Il dottor Alfonso Agnino, il cardiochirurgo qui responsabile della Cardiochirurgia Robotica, ha eseguito con questa rivoluzionaria tecnica un’operazione a cuore battente, in collegamento attraverso piattaforma digitale dedicata con il professore Wouter Oosterlink, da Leuven (Belgio), comodamente seduto nel suo studio dell’Università “Sacro Cuore” della cittadina fiamminga.

Cardiochirurgia Robotica: l’operazione

L’operazione di bypass coronarico a cuore battente in minitoracotomia è eseguita in regime di Cardiochirurgia Robotica.

Il paziente è stato estubato in sala operatoria e il decorso si è presentato privo di complicanze.
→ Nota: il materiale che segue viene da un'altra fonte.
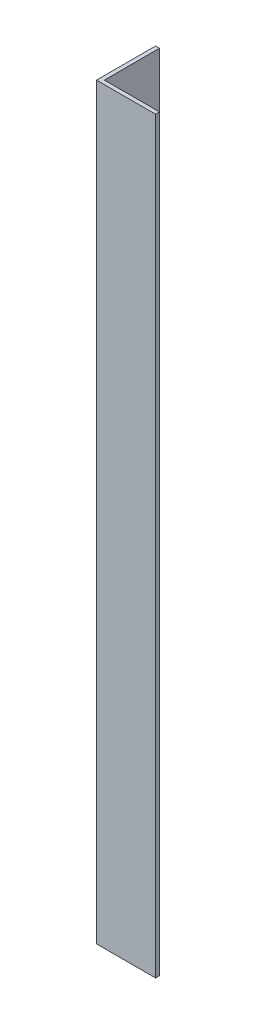
ISO-10303-21;
HEADER;
FILE_DESCRIPTION(('STEP AP214'),'2;1');
FILE_NAME('part.step','',(''),(''),'','','');
FILE_SCHEMA(('AUTOMOTIVE_DESIGN { 1 0 10303 214 1 1 1 1 }'));
ENDSEC;
DATA;
#1=APPLICATION_CONTEXT('core data for automotive mechanical design processes');
#2=APPLICATION_PROTOCOL_DEFINITION('international standard','automotive_design',2000,#1);
#3=PRODUCT_CONTEXT('',#1,'mechanical');
#4=PRODUCT('Part','Part','',(#3));
#5=PRODUCT_RELATED_PRODUCT_CATEGORY('part','',(#4));
#6=PRODUCT_DEFINITION_FORMATION('','',#4);
#7=PRODUCT_DEFINITION_CONTEXT('part definition',#1,'design');
#8=PRODUCT_DEFINITION('design','',#6,#7);
#9=PRODUCT_DEFINITION_SHAPE('','',#8);
#10=(LENGTH_UNIT() NAMED_UNIT(*) SI_UNIT(.MILLI.,.METRE.));
#11=(NAMED_UNIT(*) PLANE_ANGLE_UNIT() SI_UNIT($,.RADIAN.));
#12=(NAMED_UNIT(*) SI_UNIT($,.STERADIAN.) SOLID_ANGLE_UNIT());
#13=UNCERTAINTY_MEASURE_WITH_UNIT(LENGTH_MEASURE(1.E-05),#10,'distance_accuracy_value','');
#14=(GEOMETRIC_REPRESENTATION_CONTEXT(3) GLOBAL_UNCERTAINTY_ASSIGNED_CONTEXT((#13)) GLOBAL_UNIT_ASSIGNED_CONTEXT((#10,
#11,#12)) REPRESENTATION_CONTEXT('',''));
#15=CARTESIAN_POINT('',(0.,0.,0.));
#16=DIRECTION('',(0.,0.,1.));
#17=DIRECTION('',(1.,0.,0.));
#18=AXIS2_PLACEMENT_3D('',#15,#16,#17);
#19=CARTESIAN_POINT('',(15.,190.,0.));
#20=DIRECTION('',(0.,0.,-1.));
#21=DIRECTION('',(-1.,0.,0.));
#22=AXIS2_PLACEMENT_3D('',#19,#20,#21);
#23=PLANE('',#22);
#24=DIRECTION('',(1.,0.,0.));
#25=VECTOR('',#24,1.);
#26=CARTESIAN_POINT('',(15.,0.,0.));
#27=LINE('',#26,#25);
#28=CARTESIAN_POINT('',(0.,0.,0.));
#29=VERTEX_POINT('',#28);
#30=CARTESIAN_POINT('',(15.,0.,0.));
#31=VERTEX_POINT('',#30);
#32=EDGE_CURVE('E119',#29,#31,#27,.T.);
#33=ORIENTED_EDGE('',*,*,#32,.T.);
#34=DIRECTION('',(0.,-1.,0.));
#35=VECTOR('',#34,1.);
#36=CARTESIAN_POINT('',(15.,190.,0.));
#37=LINE('',#36,#35);
#38=CARTESIAN_POINT('',(15.,190.,0.));
#39=VERTEX_POINT('',#38);
#40=EDGE_CURVE('E11',#39,#31,#37,.T.);
#41=ORIENTED_EDGE('',*,*,#40,.F.);
#42=DIRECTION('',(1.,0.,0.));
#43=VECTOR('',#42,1.);
#44=CARTESIAN_POINT('',(15.,190.,0.));
#45=LINE('',#44,#43);
#46=CARTESIAN_POINT('',(0.,190.,0.));
#47=VERTEX_POINT('',#46);
#48=EDGE_CURVE('E129',#47,#39,#45,.T.);
#49=ORIENTED_EDGE('',*,*,#48,.F.);
#50=DIRECTION('',(0.,-1.,0.));
#51=VECTOR('',#50,1.);
#52=CARTESIAN_POINT('',(0.,190.,0.));
#53=LINE('',#52,#51);
#54=EDGE_CURVE('E115',#47,#29,#53,.T.);
#55=ORIENTED_EDGE('',*,*,#54,.T.);
#56=EDGE_LOOP('',(#33,#41,#49,#55));
#57=FACE_BOUND('',#56,.T.);
#58=ADVANCED_FACE('F35',(#57),#23,.F.);
#59=CARTESIAN_POINT('',(15.,190.,-0.999999999999998));
#60=DIRECTION('',(-1.,0.,0.));
#61=DIRECTION('',(0.,0.,1.));
#62=AXIS2_PLACEMENT_3D('',#59,#60,#61);
#63=PLANE('',#62);
#64=DIRECTION('',(0.,0.,-1.));
#65=VECTOR('',#64,1.);
#66=CARTESIAN_POINT('',(15.,0.,-0.999999999999998));
#67=LINE('',#66,#65);
#68=CARTESIAN_POINT('',(15.,0.,-0.999999999999998));
#69=VERTEX_POINT('',#68);
#70=EDGE_CURVE('E122',#31,#69,#67,.T.);
#71=ORIENTED_EDGE('',*,*,#70,.T.);
#72=DIRECTION('',(0.,-1.,0.));
#73=VECTOR('',#72,1.);
#74=CARTESIAN_POINT('',(15.,190.,-0.999999999999998));
#75=LINE('',#74,#73);
#76=CARTESIAN_POINT('',(15.,190.,-0.999999999999998));
#77=VERTEX_POINT('',#76);
#78=EDGE_CURVE('E43',#77,#69,#75,.T.);
#79=ORIENTED_EDGE('',*,*,#78,.F.);
#80=DIRECTION('',(0.,0.,-1.));
#81=VECTOR('',#80,1.);
#82=CARTESIAN_POINT('',(15.,190.,-0.999999999999998));
#83=LINE('',#82,#81);
#84=EDGE_CURVE('E88',#39,#77,#83,.T.);
#85=ORIENTED_EDGE('',*,*,#84,.F.);
#86=ORIENTED_EDGE('',*,*,#40,.T.);
#87=EDGE_LOOP('',(#71,#79,#85,#86));
#88=FACE_BOUND('',#87,.T.);
#89=ADVANCED_FACE('F153',(#88),#63,.F.);
#90=CARTESIAN_POINT('',(1.,190.,-0.999999999999997));
#91=DIRECTION('',(0.,0.,1.));
#92=DIRECTION('',(1.,0.,0.));
#93=AXIS2_PLACEMENT_3D('',#90,#91,#92);
#94=PLANE('',#93);
#95=DIRECTION('',(-1.,0.,0.));
#96=VECTOR('',#95,1.);
#97=CARTESIAN_POINT('',(1.,0.,-0.999999999999997));
#98=LINE('',#97,#96);
#99=CARTESIAN_POINT('',(1.,0.,-0.999999999999997));
#100=VERTEX_POINT('',#99);
#101=EDGE_CURVE('E124',#69,#100,#98,.T.);
#102=ORIENTED_EDGE('',*,*,#101,.T.);
#103=DIRECTION('',(0.,-1.,0.));
#104=VECTOR('',#103,1.);
#105=CARTESIAN_POINT('',(1.,190.,-0.999999999999997));
#106=LINE('',#105,#104);
#107=CARTESIAN_POINT('',(1.,190.,-0.999999999999997));
#108=VERTEX_POINT('',#107);
#109=EDGE_CURVE('E110',#108,#100,#106,.T.);
#110=ORIENTED_EDGE('',*,*,#109,.F.);
#111=DIRECTION('',(-1.,0.,0.));
#112=VECTOR('',#111,1.);
#113=CARTESIAN_POINT('',(1.,190.,-0.999999999999997));
#114=LINE('',#113,#112);
#115=EDGE_CURVE('E101',#77,#108,#114,.T.);
#116=ORIENTED_EDGE('',*,*,#115,.F.);
#117=ORIENTED_EDGE('',*,*,#78,.T.);
#118=EDGE_LOOP('',(#102,#110,#116,#117));
#119=FACE_BOUND('',#118,.T.);
#120=ADVANCED_FACE('F135',(#119),#94,.F.);
#121=CARTESIAN_POINT('',(0.999999999999998,190.,-15.));
#122=DIRECTION('',(-1.,0.,0.));
#123=DIRECTION('',(0.,0.,1.));
#124=AXIS2_PLACEMENT_3D('',#121,#122,#123);
#125=PLANE('',#124);
#126=DIRECTION('',(0.,0.,-1.));
#127=VECTOR('',#126,1.);
#128=CARTESIAN_POINT('',(0.999999999999998,0.,-15.));
#129=LINE('',#128,#127);
#130=CARTESIAN_POINT('',(0.999999999999998,0.,-15.));
#131=VERTEX_POINT('',#130);
#132=EDGE_CURVE('E109',#100,#131,#129,.T.);
#133=ORIENTED_EDGE('',*,*,#132,.T.);
#134=DIRECTION('',(0.,-1.,0.));
#135=VECTOR('',#134,1.);
#136=CARTESIAN_POINT('',(0.999999999999998,190.,-15.));
#137=LINE('',#136,#135);
#138=CARTESIAN_POINT('',(0.999999999999998,190.,-15.));
#139=VERTEX_POINT('',#138);
#140=EDGE_CURVE('E106',#139,#131,#137,.T.);
#141=ORIENTED_EDGE('',*,*,#140,.F.);
#142=DIRECTION('',(0.,0.,-1.));
#143=VECTOR('',#142,1.);
#144=CARTESIAN_POINT('',(0.999999999999998,190.,-15.));
#145=LINE('',#144,#143);
#146=EDGE_CURVE('E95',#108,#139,#145,.T.);
#147=ORIENTED_EDGE('',*,*,#146,.F.);
#148=ORIENTED_EDGE('',*,*,#109,.T.);
#149=EDGE_LOOP('',(#133,#141,#147,#148));
#150=FACE_BOUND('',#149,.T.);
#151=ADVANCED_FACE('F107',(#150),#125,.F.);
#152=CARTESIAN_POINT('',(0.,190.,-15.));
#153=DIRECTION('',(0.,0.,1.));
#154=DIRECTION('',(1.,0.,0.));
#155=AXIS2_PLACEMENT_3D('',#152,#153,#154);
#156=PLANE('',#155);
#157=DIRECTION('',(-1.,0.,0.));
#158=VECTOR('',#157,1.);
#159=CARTESIAN_POINT('',(0.,0.,-15.));
#160=LINE('',#159,#158);
#161=CARTESIAN_POINT('',(0.,0.,-15.));
#162=VERTEX_POINT('',#161);
#163=EDGE_CURVE('E74',#131,#162,#160,.T.);
#164=ORIENTED_EDGE('',*,*,#163,.T.);
#165=DIRECTION('',(0.,-1.,0.));
#166=VECTOR('',#165,1.);
#167=CARTESIAN_POINT('',(0.,190.,-15.));
#168=LINE('',#167,#166);
#169=CARTESIAN_POINT('',(0.,190.,-15.));
#170=VERTEX_POINT('',#169);
#171=EDGE_CURVE('E111',#170,#162,#168,.T.);
#172=ORIENTED_EDGE('',*,*,#171,.F.);
#173=DIRECTION('',(-1.,0.,0.));
#174=VECTOR('',#173,1.);
#175=CARTESIAN_POINT('',(0.,190.,-15.));
#176=LINE('',#175,#174);
#177=EDGE_CURVE('E99',#139,#170,#176,.T.);
#178=ORIENTED_EDGE('',*,*,#177,.F.);
#179=ORIENTED_EDGE('',*,*,#140,.T.);
#180=EDGE_LOOP('',(#164,#172,#178,#179));
#181=FACE_BOUND('',#180,.T.);
#182=ADVANCED_FACE('F113',(#181),#156,.F.);
#183=CARTESIAN_POINT('',(0.,190.,0.));
#184=DIRECTION('',(1.,0.,0.));
#185=DIRECTION('',(0.,0.,-1.));
#186=AXIS2_PLACEMENT_3D('',#183,#184,#185);
#187=PLANE('',#186);
#188=DIRECTION('',(0.,0.,1.));
#189=VECTOR('',#188,1.);
#190=CARTESIAN_POINT('',(0.,0.,0.));
#191=LINE('',#190,#189);
#192=EDGE_CURVE('E80',#162,#29,#191,.T.);
#193=ORIENTED_EDGE('',*,*,#192,.T.);
#194=ORIENTED_EDGE('',*,*,#54,.F.);
#195=DIRECTION('',(0.,0.,1.));
#196=VECTOR('',#195,1.);
#197=CARTESIAN_POINT('',(0.,190.,0.));
#198=LINE('',#197,#196);
#199=EDGE_CURVE('E51',#170,#47,#198,.T.);
#200=ORIENTED_EDGE('',*,*,#199,.F.);
#201=ORIENTED_EDGE('',*,*,#171,.T.);
#202=EDGE_LOOP('',(#193,#194,#200,#201));
#203=FACE_BOUND('',#202,.T.);
#204=ADVANCED_FACE('F142',(#203),#187,.F.);
#205=CARTESIAN_POINT('',(0.,190.,0.));
#206=DIRECTION('',(0.,-1.,0.));
#207=DIRECTION('',(0.,0.,-1.));
#208=AXIS2_PLACEMENT_3D('',#205,#206,#207);
#209=PLANE('',#208);
#210=ORIENTED_EDGE('',*,*,#48,.T.);
#211=ORIENTED_EDGE('',*,*,#84,.T.);
#212=ORIENTED_EDGE('',*,*,#115,.T.);
#213=ORIENTED_EDGE('',*,*,#146,.T.);
#214=ORIENTED_EDGE('',*,*,#177,.T.);
#215=ORIENTED_EDGE('',*,*,#199,.T.);
#216=EDGE_LOOP('',(#210,#211,#212,#213,#214,#215));
#217=FACE_BOUND('',#216,.T.);
#218=ADVANCED_FACE('F97',(#217),#209,.F.);
#219=CARTESIAN_POINT('',(0.,0.,0.));
#220=DIRECTION('',(0.,-1.,0.));
#221=DIRECTION('',(0.,0.,-1.));
#222=AXIS2_PLACEMENT_3D('',#219,#220,#221);
#223=PLANE('',#222);
#224=ORIENTED_EDGE('',*,*,#32,.F.);
#225=ORIENTED_EDGE('',*,*,#192,.F.);
#226=ORIENTED_EDGE('',*,*,#163,.F.);
#227=ORIENTED_EDGE('',*,*,#132,.F.);
#228=ORIENTED_EDGE('',*,*,#101,.F.);
#229=ORIENTED_EDGE('',*,*,#70,.F.);
#230=EDGE_LOOP('',(#224,#225,#226,#227,#228,#229));
#231=FACE_BOUND('',#230,.T.);
#232=ADVANCED_FACE('F138',(#231),#223,.T.);
#233=CLOSED_SHELL('',(#58,#89,#120,#151,#182,#204,#218,#232));
#234=MANIFOLD_SOLID_BREP('B2',#233);
#235=ADVANCED_BREP_SHAPE_REPRESENTATION('',(#18,#234),#14);
#236=SHAPE_DEFINITION_REPRESENTATION(#9,#235);
ENDSEC;
END-ISO-10303-21;

“Si è generata un’interazione immediata, costante e concreta”, spiega il dott. Agnino.

“In tempo e in modalità sincrona sotto tutto i punti di vista, tranne forse quello ‘materiale’, ma direi nemmeno.

Il professor Oosterlink è stato, infatti, ‘percepito’ anche come fisicamente presente in sala operatoria, materializzato in un ologramma proiettato all’interno del visore.

È stata un’operazione in un certo senso ‘storica’, che ha messo in comunicazione diretta professionisti della cardiochirurgia distanti migliaia di km, attraverso l’interazione dei più sofisticati sistemi tecnologici oggi a nostra disposizione: gli smartglasses e il robot.

Una soluzione al limite del nostro mondo virtuale, con la ‘materializzazione’ del professionista esterno, risultato partecipe attivo dell’intervento e del nostro impiego dei joystick della consolle del robot”.

Gli smartglasses sono occhiali “intelligenti” nati in ambito militare.

Funzionano grazie a una tecnologia di telecomunicazioni a banda larga, si collegano a uno smartphone e hanno una telecamera con zoom ottico ad alta definizione che offre all’operatore una visione reale del campo visivo.

Tramite mini-monitor e sistema audio integrato, hanno permesso lo scambio di informazioni e visualizzazione tra il dottor Agnino e il professor Oosterlink in tempo reale, avvalendosi di una connessione wifi.

Dalla sala operatoria del Gavazzeni di Bergamo, sono stati trasmessi anche i segnali video delle tecnologie presenti in sala (il “Robot Da Vinci” e le tecnologie connesse) e il video panoramico della sala.

Il sistema di tecnologie impiegate soddisfa i più elevati standard di qualità e anche di privacy, in conformità con la normativa GDPR e HIPPA.

Il futuro tecnologico in medicina

“Da qui a breve, ci attendiamo un’altra rivoluzione”, dice il dottor Agnino.

“La capacità di prendere ‘in mano’ le manovre del robot da un altro robot gemello che potrà così “operare” da un’altra parte del mondo.

Sarà presto realtà, dunque, la possibilità di fare operazioni a 4 mani, anzi a 8, considerando i 2 joystick disponibili per ogni robot.

Con le sue\nostre mani bioniche capaci di ‘manovre’ perfette, come ruotare a 360 gradi senza alcun tremolio, con una precisione assoluta che permette anche di invertire le mani, con la destra come fosse la sinistra e viceversa.

La rivoluzione è epocale, e non solo pratica, chirurgica, interventistica, quanto anche di metodologia e di ‘teaching’, di formazione e insegnamento.

Noi medici abbiamo l’obbligo morale, ancor prima che istituzionale, di formare le nuove generazioni che un domani saranno chiamate a curare noi, i nostri figli, i nostri nipoti.

Sono enormi anche in questo senso le prospettive e le opportunità che questa nuova tecnologia potrà offrire in termini di apprendimento, formazione, specializzazione”.